兵法のはやきといふ所、実の道にあらず/(武術・武道)
- 2017/05/21(Sun) -
 40代の半ば頃までは、居合や抜刀において、わりあい速く抜くことにこだわって稽古をしてきた。

 試し物を抜き打ちで斬る稽古などでも、いかに早く斬るのかについて、いろいろと工夫と鍛錬をしたものである。

 しかしここ最近は再び、稽古では穏やかに、そして丁寧に抜くことを心掛けている。

 それは、いまさらながらお恥ずかしい話であるが、武芸において、速い・遅いというのは、あくまでも相対する彼我の拍子の関係性において生じる現象であり、「柄に手をかけてから切先が鯉口を離れるまでコンマ何秒」などといった、表象的なものではないのだなということに、四十路半ばにして改めて思い至ったからである。

 こうした道理は、手裏剣術においても同様だ。

 かつて、私は打剣の速度をスピードガンで計測したり、剣が飛ぶ速度の向上に心掛けた時期もあったが、結局のところ、手裏剣術を武芸=彼我の攻防と定義すれば、速さはあくまでも相対的なものであり、剣が飛ぶ速度が時速80キロだろうが、35キロだろうが、自由な意思を持って我を攻撃しようと動き回る相手に、手裏剣が刺さればそれでよいのである。



 日本武芸におけるもっとも平易かつ深遠な、普遍的戦闘マニュアルである『五輪書』には、次のような一文がある。

「兵法のはやきといふ所、実(まこと)の道にあらず。はやきといふ所は、物毎に拍子の間にあはざるによって、はやきおそきといふ心也。其道上手になりては、はやく見へざる物也」(『五輪書』風之巻)

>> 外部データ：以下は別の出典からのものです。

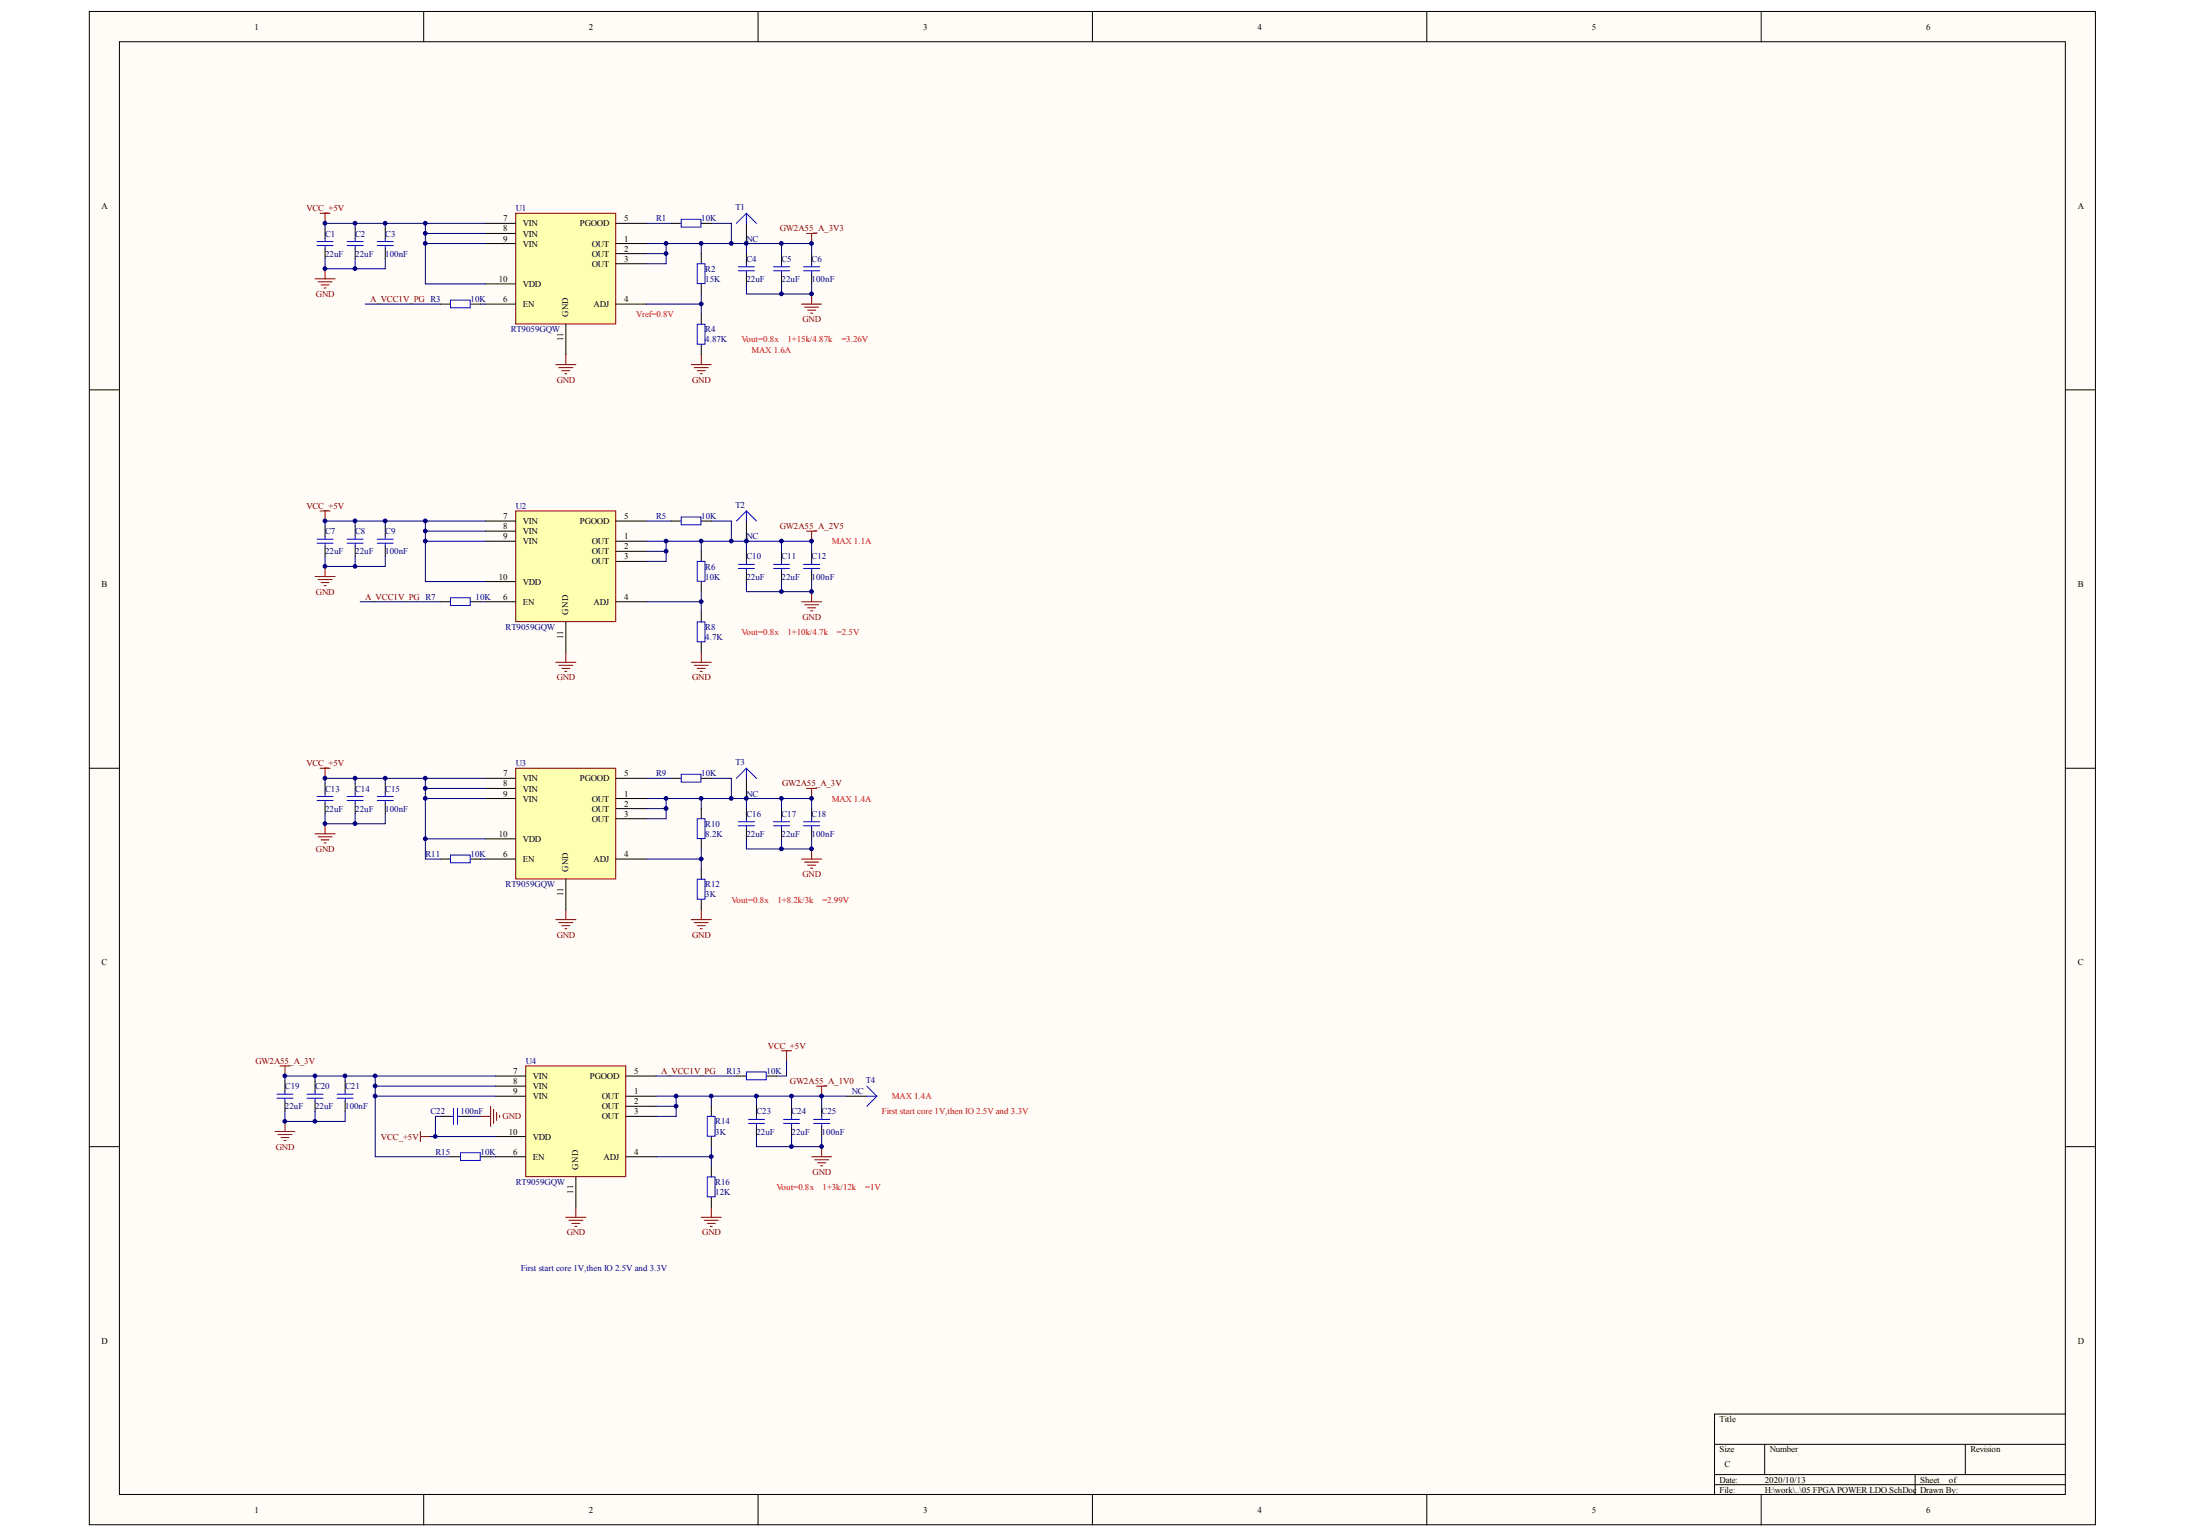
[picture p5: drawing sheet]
<svg xmlns="http://www.w3.org/2000/svg" width="289mm" height="202mm" viewBox="0 0 289 202" stroke-linecap="round" stroke-linejoin="round" font-family="sans-serif">
<g fill="#fffcf8" stroke="#000" stroke-width=".13">
<path d="M11.7 1.5h263.5v198.6h-263.5z"/>
<path d="M15.7 5.5h255.5v190.7h-255.5z"/>
</g>
<g fill="none" stroke="#000" stroke-width=".13">
<path d="M55.6 1.5v4M99.6 1.5v4M143.5 1.5v4M187.4 1.5v4M231.3 1.5v4M42.7 30v1.3M42.7 32.6v1.4M46.6 30v1.3M46.6 32.6v1.4M50.6 30v1.3M50.6 32.6v1.4M98 33.3v1.3"/>
<path d="M98 35.9v1.4M102.6 33.3v1.3M102.6 35.9v1.4M106.6 33.3v1.3M106.6 35.9v1.4M11.7 51.2h4M271.3 51.2h3.9M11.7 100.8h4M271.3 100.8h3.9M11.7 150.5h4M271.3 150.5h3.9M55.6 196.2v4"/>
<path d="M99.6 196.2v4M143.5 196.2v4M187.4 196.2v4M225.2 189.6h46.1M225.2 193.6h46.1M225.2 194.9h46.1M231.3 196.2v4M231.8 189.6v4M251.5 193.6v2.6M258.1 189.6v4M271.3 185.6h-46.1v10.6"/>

 こういうことを400年も前に、誰にでも理解できる分かりやすい言葉でさらりと言語化しているところに、宮本武蔵という武芸者の空前絶後な偉大さがあるといえよう。

 

 柳剛流の居合では、1本目の「向一文字」がすべての基本形となるわけだが、ここでもごぼう抜きは禁物である。

 スラスラと、序破急の拍子を十分に意識しての抜刀に心掛けねばならぬ。

 ただしそれは、剣先に蠅が止まるような気の抜けたものになってはならない。

 あくまでも、序破急の拍子と位がそこにあるからこそ、「ゆっくりに見えるが、実は速い」という業になるのだ。

 居合の稽古では、常にこうした理合を念頭に置きたいものだ。

170521_柳剛流
▲柳剛流居合「右行」


 (了)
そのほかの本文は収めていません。